Your objective >> The entries that follow include a run beginning at the line with "Selector1 : Selector" and ending at the line with "Selector5 : Selector"; restate that run word for word and leave the rest out.

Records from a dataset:
=====
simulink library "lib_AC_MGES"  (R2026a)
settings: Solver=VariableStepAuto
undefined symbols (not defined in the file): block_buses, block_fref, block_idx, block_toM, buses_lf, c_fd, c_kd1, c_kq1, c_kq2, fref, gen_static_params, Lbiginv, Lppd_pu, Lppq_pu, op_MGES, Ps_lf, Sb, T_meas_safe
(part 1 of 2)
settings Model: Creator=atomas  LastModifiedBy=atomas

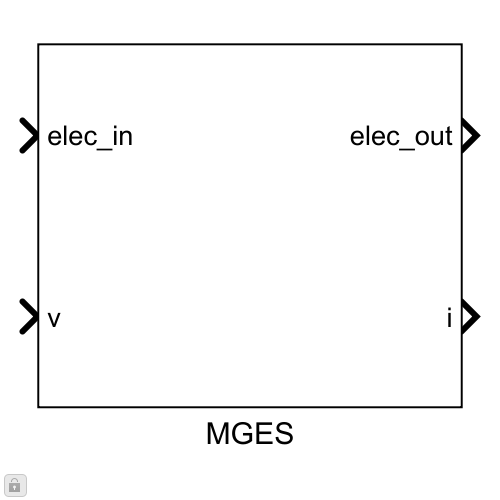
[thumbnail: Simulink's stored preview of the top-level diagram]
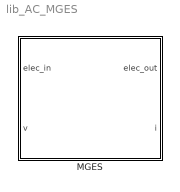
== system lib_AC_MGES ==
  MGES : Subsystem  mask(Synchronous machine){SGs_nodes=1, FBASE=50, D=0, H=3, Psimag_pu=0.8, Lssd_pu=0.1, Lssq_pu=0.1, Rs_pu=0.001, Lmd_pu=0.1, Lmq_pu=0.1, Rfd_pu=0.01, Lfd_pu=0.1, Rkd1_pu=1e6, Lkd1_pu=1e6, Rkd2_pu=1e6, Lkd2_pu=1e6, Rkq1_pu=1e6, Lkq1_pu=1e6, Rkq2_pu=1e6, Lkq2_pu=1e6, Rkq3_pu=1e6, Lkq3_pu=1e6, T_e=1, T_v=1, T_1=1, T_2=1, K_A=1, K_C=0, K_P=0, K_PR=1, K_IR=1, K_PM=1, K_IM=1, R_p=0.05, T_1g=1, T_2g=1, T_3=1, T_4=1, T_5=1, T_6=1, K_1=0, K_3=0, K_5=0, T_w1=1, T_w2=1, T_9=1, M=1, K_S1=0, T_1p=1, T_2p=1, T_3p=1, T_4p=1, T_7p=1, K_S2=1, K_S3=1, dynamic_stator=order 8, T_meas=0.01, cosn=1, T_w3=2}
      mask prompts: FBASE "Base frequency (Hz)"; D "Damping (pu)"; H "Inertia (s)"; Psimag_pu "Permanent flux (pu)"; Lssd_pu "Stator inductances (pu) Ld"; Lssq_pu "Stator inductances (pu) Lq"; Rs_pu "Stator resistances (pu)"; Lmd_pu "d-axis mutual inductance (pu)"; Lmq_pu "q-axis mutual inductance (pu)"; Rfd_pu "Excitation resistance (pu)"; Lfd_pu "Excitation inductance (pu)"; Rkd1_pu "d-axis damper resistance 1 (pu)"; Lkd1_pu "d-axis damper inductance 1 (pu)"; Rkd2_pu "d-axis damper resistance 2 (pu)"; Lkd2_pu "d-axis damper inductance 2 (pu)"; Rkq1_pu "q-axis damper resistance 1 (pu)"; Lkq1_pu "q-axis damper inductance 1 (pu)"; Rkq2_pu "q-axis damper resistance 2 (pu)"; Lkq2_pu "q-axis damper inductance 2 (pu)"; Rkq3_pu "q-axis damper resistance 3 (pu)"; Lkq3_pu "q-axis damper inductance 3 (pu)"; T_1p "T_1"; dynamic_stator "Electromagnetic complexity:"; T_meas "Governor speed measurement filter T_meas (s):"; cosn "Governor rated power factor cosn:"; T_w3 "PSS power washout time constant T_w3 (s):"
      mask help: Synchronous machine modelled in d-q reference frame.
      mask init:
      | [block_buses, block_idx, block_toM, block_fref, Lbiginv, Lssd_pu, Lssq_pu, Lmd_pu, Lmq_pu, Lfd_pu, Lkd1_pu, Lkd2_pu, Lkq1_pu, Lkq2_pu, Lkq3_pu, K_C, K_P, T_1, T_2, c_fd, c_kd1, Lppd_pu, c_kq1, c_kq2, Lppq_pu, stator_mode, use_Tmeas, use_PSS, use_LeadLag, use_KP, T_meas_safe, T_w3_safe, T_1_safe] = mask_init_MGES(gcb, Lssd_pu, Lssq_pu, Lmd_pu, Lmq_pu, Lfd_pu, Lkd1_pu, Lkd2_pu, Lkq1_pu, Lkq2_pu, Lkq3_pu, K_C, K_P, T_1, T_2, dynamic_stator, T_meas, K_S1, T_w3);
      mask Help: web([extractBefore(get_param(bdroot, 'filename'),gcs) 'Documentation/SM.html'])
      mask TypeOptions dynamic_stator: order 8 | order 4 | order 2
      mask DialogControl Params Prompt: Parameters
      mask DialogControl AVR Prompt: AVR
      mask DialogControl Gov Prompt: Speed governor
      mask DialogControl PSS Prompt: Power system stabiliser

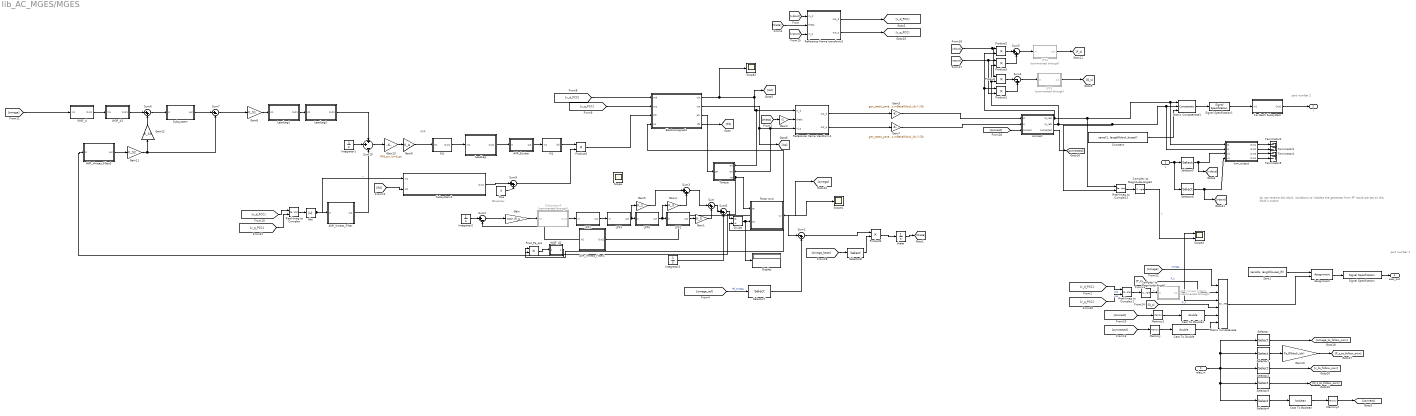
== system lib_AC_MGES/MGES ==
  note: Governor
  note: do not rename this block, conditions to initialise the generator from PF result are set on this block's output
  note: port number 1
  note: port number 2
  note: AVR
  elec_in : Inport
  v : Inport  Port=2
  AVR_Exciter : Subsystem  mask{T_s=T_e}
      mask prompts: T_s "Filter time constant"
  AVR_Vmeas_Filter : Subsystem  mask{T_r=T_v}
      mask prompts: T_r "Filter time constant"
  AVR_Vmeas_Filter1 : Subsystem  Variant=on
  AVR_Vmeas_Filter2 : Subsystem  Commented=through  mask{T_r=0.01}
      mask prompts: T_r "Filter time constant"
      mask Display:
      | try
      |     dpoly(1, [T_r, 1])
      | catch
      | end
  AVR_Vmeas_Filter3 : Subsystem  mask{T_r=T_7p}
      mask prompts: T_r "Filter time constant"
  Abs : Abs  SaturateOnIntegerOverflow=off
  Assignment : Assignment  NumberOfDimensions=2  DiagnosticForDimensions=Warning  IndexOptions=Assign all,Index vector (dialog)  Indices=1,block_idx  OutputSizes=1,1
  Cast To Boolean : DataTypeConversion  OutDataTypeStr=boolean  SaturateOnIntegerOverflow=off  RndMeth=Floor
  Cast To Double : DataTypeConversion  OutDataTypeStr=double  SaturateOnIntegerOverflow=off  RndMeth=Floor
  Cast To Double1 : DataTypeConversion  OutDataTypeStr=double  SaturateOnIntegerOverflow=off  RndMeth=Floor
  Complex to Magnitude-Angle1 : ComplexToMagnitudeAngle  Output=Magnitude
  Complex to Magnitude-Angle2 : ComplexToMagnitudeAngle  Output=Magnitude
  Constant : Constant  Value=zeros(1, length(block_buses))  VectorParams1D=off
  Display : Display
  Divide : Product  Inputs=*/
  Electromagnetic : Subsystem  Variant=on
  For Each Subsystem : Subsystem  TreatAsAtomicUnit=on
  Gain : Gain  Gain=cosn./R_p
  Gain1 : Gain  Gain=K_5
  Gain10 : Gain  Gain=Ps_lf(block_idx)
  Gain11 : Gain  Gain=K_S2
  Gain12 : Gain  Gain=K_S3
  Gain13 : Gain  Gain=Rfd_pu./Lmd_pu
  Gain2 : Gain  Gain=-1
  Gain3 : Gain  Gain=gen_static_params.mBase(block_idx)'./Sb
  Gain4 : Gain  Gain=K_3
  Gain5 : Gain  Gain=K_1
  Gain6 : Gain  Gain=K_A
  Gain7 : Gain  Gain=gen_static_params.mBase(block_idx)'./Sb
  Gain8 : Gain  Gain=K_S1
  Integrator1 : Integrator  InitialCondition=op_MGES.Integrator1
  Integrator2 : Integrator  InitialCondition=op_MGES.Integrator2
  Integrator3 : Integrator  InitialCondition=op_MGES.Integrator3
  LPF1 : Subsystem  mask{T_s=T_6}
      mask prompts: T_s "Filter time constant"
  LPF2 : Subsystem  mask{T_s=T_3}
      mask prompts: T_s "Filter time constant"
  LPF3 : Subsystem  mask{T_s=T_4}
      mask prompts: T_s "Filter time constant"
  LPF4 : Subsystem  Commented=through  mask{T_s=0.01}
      mask prompts: T_s "Filter time constant"
      mask Display:
      | try
      |     dpoly(1, [T_s, 1])
      | catch
      | end
  LPF5 : Subsystem  Commented=through  mask{T_s=0.01}
      mask prompts: T_s "Filter time constant"
      mask Display:
      | try
      |     dpoly(1, [T_s, 1])
      | catch
      | end
  LPF6 : Subsystem  mask{T_s=T_5}
      mask prompts: T_s "Filter time constant"
  LeadLag : Subsystem  Variant=on
  LeadLag1 : Subsystem  mask{T_2=T_1p, T_1=T_2p}
      mask help:
      | Transfer function:
      |
      |   1 + sT_2
      | ---------------
      |   1 + sT_1
  LeadLag2 : Subsystem  mask{T_2=T_3p, T_1=T_4p}
      mask help:
      | Transfer function:
      |
      |   1 + sT_2
      | ---------------
      |   1 + sT_1
  Matrix Concatenate : Concatenate  NumInputs=6  Mode=Multidimensional array
  Matrix Concatenate1 : Concatenate  NumInputs=3  Mode=Multidimensional array
  Memory : Memory  InitialCondition=1
  Memory1 : Memory  InitialCondition=1
  Memory2 : Memory  InitialCondition=1
  One : Constant  Value=0  OutDataTypeStr=Inherit: Inherit via back propagation
  PI1 : Subsystem
  PI2 : Subsystem
  Prod_Pe_pss : Product
  Product{,1..5} (6 alike) : Product
  Real-Imag to Complex : RealImagToComplex
  Real-Imag to Complex1 : RealImagToComplex
  Real-Imag to Complex2 : RealImagToComplex
  Reference frame transform1 : Subsystem
  Reference frame transform3 : Subsystem
  Rotor axis : Subsystem
  Scope : Scope
      settings: ActiveDisplayYMinimum=-1  ActiveDisplayYMaximum=1  DataLoggingVariableName=ScopeData13
  Scope1 : Scope
      settings: ActiveDisplayYMinimum=-0.058141408811601208  ActiveDisplayYMaximum=2.1702525958532117  DataLoggingVariableName=ScopeData3
  Scope2 : Scope
      settings: ActiveDisplayYMinimum=-0.402690614368146  ActiveDisplayYMaximum=1.3038964261892889  DataLoggingVariableName=ScopeData9
  Scope3 : Scope  NumInputPorts=2
      settings: ActiveDisplayYMinimum=0.29123  ActiveDisplayYMaximum=1.9416  DataLoggingVariableName=ScopeData3
  Selector : Selector  NumberOfDimensions=2  InputPortWidth=3  IndexOptions=Index vector (dialog),Index vector (dialog)  Indices=1,block_idx  OutputSizes=1,1
  Selector1 : Selector  NumberOfDimensions=2  InputPortWidth=3  IndexOptions=Index vector (dialog),Index vector (dialog)  Indices=2,block_idx  OutputSizes=1,1
  Selector2 : Selector  NumberOfDimensions=2  InputPortWidth=3  IndexOptions=Index vector (dialog),Index vector (dialog)  Indices=3,block_idx  OutputSizes=1,1
  Selector3 : Selector  NumberOfDimensions=2  InputPortWidth=3  IndexOptions=Index vector (dialog),Index vector (dialog)  Indices=4,block_idx  OutputSizes=1,1
  Selector4 : Selector  NumberOfDimensions=2  InputPortWidth=3  IndexOptions=Index vector (dialog),Index vector (dialog)  Indices=5,block_idx  OutputSizes=1,1
  Selector5 : Selector  NumberOfDimensions=2  InputPortWidth=3  IndexOptions=Index vector (dialog),Index vector (dialog)  Indices=1,block_buses  OutputSizes=1,1
  Selector6 : Selector  NumberOfDimensions=2  InputPortWidth=3  IndexOptions=Index vector (dialog),Index vector (dialog)  Indices=2,block_buses  OutputSizes=1,1
  Selector7 : Selector  InputPortWidth=length(fref.ref_units)  IndexOptions=Index vector (dialog)  Indices=block_fref  OutputSizes=1
  Selector8 : Selector  InputPortWidth=length(fref.ref_units)  IndexOptions=Index vector (dialog)  Indices=block_fref  OutputSizes=1
  Signal Specification : SignalSpecification  Dimensions=[6 length(buses_lf)]
  Signal Specification1 : SignalSpecification  Dimensions=[3 length(block_buses)]
  Subsystem : Subsystem
  Subsystem1 : Subsystem  Variant=on
  Subsystem4 : Subsystem  Commented=through  mask{T_2=T_2, T_1=T_1}
      mask help:
      | Transfer function:
      |
      |   1 + sT_2
      | ---------------
      |   1 + sT_1
  Sum{,3,5..6,8..9} (6 alike) : Sum  Inputs=|++
  Sum1 : Sum  Inputs=|-+
  Sum10 : Sum  Inputs=+|+|-
  Sum2 : Sum  Inputs=|+-
  Sum4 : Sum  Inputs=|-+
  Sum7 : Sum  Inputs=|+-
  Terminator{2..5} (4 alike) : Terminator
  Torque : Subsystem
      settings: PortSchema="{\"entries\":[{\"content\":{\"sides\":[{\"content\":{\"connectorIds\":[\"In1\"]},\"type\":\"ConnectorPlacement.EquallySpacedRectSide\",\"uuid\":\"b7abd3bc-22dd-4669-aa40-98bc76884565\"},{\"content\":{\"connectorIds\":[\"In2\",\"In3\",\"Out1\"],\"side\":\"RIGHT\"},\"type\":\"ConnectorPlacement.EquallySpacedRectSide\",\"uuid\":\"e9abb552-b46d-48ed-aa1f-0e9dac604fea\"},{\"content\":{\"connectorIds\":[],\"side\":\"TOP\"},\"type\":\"ConnectorPlacement.EquallySpacedRectSide\",\"uuid\":\"4b14997d-8f32-4cfb-8a1b-18cffb093d28\"}]},\"type\":\"ConnectorPlacement.EquallySpacedConnector\",\"uuid\":\"d6624493-e930-4f0d-8cbe-17f96cb72edc\"}],\"packageUris\":[\"http://schema.mathworks.com/mf0/Connector/R2020b\"],\"version\":\"1.0\"}"
  WOF_d : Subsystem
  WOF_d1 : Subsystem
  WOF_d2 : Subsystem  Variant=on
  Zero1 : Constant  Value=zeros(6, length(buses_lf))  VectorParams1D=off  OutDataTypeStr=Inherit: Inherit via back propagation
  connect : Subsystem
  theta : Integrator  InitialCondition=op_MGES.theta  UpperSaturationLimit=2*pi  LowerSaturationLimit=0
  trim_output : Subsystem
  elec_out : Outport
  i : Outport  Port=2
  wires:
  Subsystem1/1(Out1) -> Sum9/1
  [ifd] -> Subsystem1/2(In2)
  AVR_Vmeas_Filter/1(out) -> Sum10/3
  LeadLag/1(Out1) -> AVR_Exciter/1(in)
  PI2/1(Out1) -> LeadLag/1(In1)
  WOF_d2/1(Out1) -> AVR_Vmeas_Filter3/1(in)
  AVR_Vmeas_Filter1/1(Out1) -> Sum2/2
  Rotor axis/1(wr) -> AVR_Vmeas_Filter1/1(In1), Electromagnetic/4(ws), [omega], Scope1/1, Sum1/1, Divide/2, Prod_Pe_pss/2
  LPF5/1(out) -> [Q_s]
  Reference frame transform1/2(out_q) -> Gain7/1
  Product/1 -> Sum4/1
  Product1/1 -> Sum4/2
  theta/1 -> [theta]
  Gain2/1 -> Reference frame transform1/2(theta)
  [theta] -> Reference frame transform3/2(theta)
  LPF6/1(out) -> Gain4/1, LPF1/1(in)
  [theta] -> Gain2/1
  LPF2/1(out) -> LPF3/1(in)
  Sum4/1 -> LPF5/1(in)
  Sum5/1 -> LPF4/1(in)
  Product3/1 -> Sum5/2
  [omega_ref] -> Selector7/1  "ref_omega"
  Product2/1 -> Sum5/1
  Reference frame transform1/1(out_d) -> Gain3/1
  Subsystem4/1(Out1) -> LPF2/1(in)
  LPF4/1(out) -> [P_s]
  [P_s] -> Matrix Concatenate/2  "P_s"
  [omega] -> Matrix Concatenate/1  "omega"
  Complex to Magnitude-Angle1/1 -> AVR_Vmeas_Filter2/1(in)  "v"
  [Q_s] -> Matrix Concatenate/4  "Q_s"
  Selector3/1 -> [Q_s_to_follow_own]
  Selector/1 -> [omega_to_follow_own]
  Selector1/1 -> Gain10/1
  Selector2/1 -> [v_to_follow_own]
  [connect] -> Memory1/1
  [connected] -> Memory/1
  Cast To Double1/1 -> Matrix Concatenate/5
  Cast To Double/1 -> Matrix Concatenate/6
  Real-Imag to Complex1/1 -> Complex to Magnitude-Angle1/1
  [vdout] -> Product/1, Product2/1
  [vqout] -> Product3/1, Product1/2
  [v_d_PCC] -> Real-Imag to Complex1/1  "vod"
  [v_q_PCC] -> Real-Imag to Complex1/2  "voq"
  connect/3(connected) -> [connected]
  [connect] -> connect/3(connect)
  connect/1(id_real) -> Real-Imag to Complex2/1, trim_output/1(id), Matrix Concatenate1/1, Product1/1, Product2/2
  Selector4/1 -> Cast To Boolean/1
  Cast To Boolean/1 -> Memory2/1
  Zero1/1 -> Assignment/1
  Signal Specification/1 -> elec_out/1
  elec_in/1 -> Selector4/1, Selector3/1, Selector2/1, Selector1/1, Selector/1
  Assignment/1 -> Signal Specification/1
  Matrix Concatenate/1 -> Assignment/2
  Matrix Concatenate1/1 -> Signal Specification1/1
  Signal Specification1/1 -> For Each Subsystem/1(In1)
  Constant/1 -> Matrix Concatenate1/3
  For Each Subsystem/1(Out1) -> i/1
  connect/2(iq_real) -> Product3/2, Product/2, Real-Imag to Complex2/2, trim_output/2(iq), Matrix Concatenate1/2
  trim_output/3(Out3) -> Terminator4/1
  trim_output/1(Out1) -> Terminator2/1
  trim_output/4(Out4) -> Terminator5/1
  trim_output/2(Out2) -> Terminator3/1
  v/1 -> Selector6/1, Selector5/1
  Selector5/1 -> [vdout], trim_output/3(vd)
  Selector6/1 -> [vqout], trim_output/4(vq)
  [vqout] -> Reference frame transform3/3(in_q)
  [vdout] -> Reference frame transform3/1(in_d)
  Reference frame transform3/1(out_d) -> [v_d_PCC]
  Reference frame transform3/2(out_q) -> [v_q_PCC]
  Memory/1 -> Cast To Double/1
  Gain10/1 -> [P_s_to_follow_own]
  Memory1/1 -> Cast To Double1/1
  Memory2/1 -> [connect]
  Selector7/1 -> Sum1/2
  Selector8/1 -> Product4/2
  [omega_base] -> Selector8/1
  Product4/1 -> theta/1
  Sum1/1 -> Product4/1
  Gain/1 -> Subsystem4/1(In1)
  Sum2/1 -> Gain/1
  Integrator1/1 -> Sum10/2
  Gain6/1 -> PI2/1(In1)
  [v_d_PCC] -> Real-Imag to Complex/1
  Abs/1 -> AVR_Vmeas_Filter/1(in), Subsystem1/1(In1)  "v"
  [v_q_PCC] -> Real-Imag to Complex/2
  Real-Imag to Complex/1 -> Abs/1
  AVR_Vmeas_Filter2/1(out) -> Matrix Concatenate/3, Scope3/1
  Real-Imag to Complex2/1 -> Complex to Magnitude-Angle2/1
  Complex to Magnitude-Angle2/1 -> Scope3/2  "v"
  Electromagnetic/2(isq) -> [isq], Torque/3(isq), Reference frame transform1/3(in_q)
  Electromagnetic/1(isd) -> Scope2/1, Reference frame transform1/1(in_d), Torque/2(isd), [isd]
  [v_d_PCC] -> Electromagnetic/1(vsd)
  [v_q_PCC] -> Electromagnetic/2(vsq)
  Electromagnetic/3(psi) -> Torque/1(psi)
  Electromagnetic/4(ifd) -> [ifd]
  AVR_Exciter/1(out) -> PI1/1(In1)
  PI1/1(vfd) -> Product5/1
  LPF3/1(out) -> Gain5/1, LPF6/1(in)
  LPF1/1(out) -> Gain1/1
  Gain1/1 -> Sum/2
  Sum3/1 -> Sum/1
  Gain4/1 -> Sum3/2
  Gain5/1 -> Sum3/1
  Gain3/1 -> connect/1(id)
  Gain7/1 -> connect/2(iq)
  WOF_d/1(Out1) -> WOF_d1/1(In1)
  Gain8/1 -> LeadLag1/1(In1)
  LeadLag1/1(Out1) -> LeadLag2/1(In1)
  [omega] -> WOF_d/1(In1)
  WOF_d1/1(Out1) -> Sum6/1
  Sum6/1 -> Subsystem/1(in)
  Subsystem/1(out) -> Sum7/1
  Sum7/1 -> Gain8/1
  Gain12/1 -> Sum6/2
  Gain11/1 -> Sum7/2, Gain12/1
  AVR_Vmeas_Filter3/1(out) -> Gain11/1
  Integrator2/1 -> Sum2/1
  Torque/1(te) -> Rotor axis/1(te), Prod_Pe_pss/1
  Sum10/1 -> Gain13/1
  Gain13/1 -> Gain6/1
  Sum/1 -> Sum8/1
  Sum8/1 -> Divide/1
  Integrator3/1 -> Sum8/2
  LeadLag2/1(Out1) -> Sum10/1
  Divide/1 -> Display/1, Rotor axis/2(tm)
  Product5/1 -> Electromagnetic/3(vfd)
  Sum9/1 -> Product5/2
  One/1 -> Sum9/2
  Prod_Pe_pss/1 -> WOF_d2/1(In1)

== system lib_AC_MGES/MGES/AVR_Exciter ==
  in : Inport
  Gain : Gain  Gain=1./T_s
  Sum4 : Sum  Inputs=|+-
  x_a : Integrator  InitialCondition=op_MGES.AVR_Exciter_x_a
  out : Outport
  wires:
  Gain/1 -> x_a/1
  Sum4/1 -> Gain/1
  in/1 -> Sum4/1
  x_a/1 -> out/1, Sum4/2

== system lib_AC_MGES/MGES/AVR_Vmeas_Filter ==
  in : Inport
  Gain : Gain  Gain=1./T_r
  Sum4 : Sum  Inputs=|+-
  x_a : Integrator  InitialCondition=op_MGES.AVR_Vmeas_Filter_x_a
  out : Outport
  wires:
  Gain/1 -> x_a/1
  Sum4/1 -> Gain/1
  in/1 -> Sum4/1
  x_a/1 -> out/1, Sum4/2

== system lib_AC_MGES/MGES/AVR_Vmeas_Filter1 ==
=====
Solution for this problem >>
  Selector1 : Selector  NumberOfDimensions=2  InputPortWidth=3  IndexOptions=Index vector (dialog),Index vector (dialog)  Indices=2,block_idx  OutputSizes=1,1
  Selector2 : Selector  NumberOfDimensions=2  InputPortWidth=3  IndexOptions=Index vector (dialog),Index vector (dialog)  Indices=3,block_idx  OutputSizes=1,1
  Selector3 : Selector  NumberOfDimensions=2  InputPortWidth=3  IndexOptions=Index vector (dialog),Index vector (dialog)  Indices=4,block_idx  OutputSizes=1,1
  Selector4 : Selector  NumberOfDimensions=2  InputPortWidth=3  IndexOptions=Index vector (dialog),Index vector (dialog)  Indices=5,block_idx  OutputSizes=1,1
  Selector5 : Selector  NumberOfDimensions=2  InputPortWidth=3  IndexOptions=Index vector (dialog),Index vector (dialog)  Indices=1,block_buses  OutputSizes=1,1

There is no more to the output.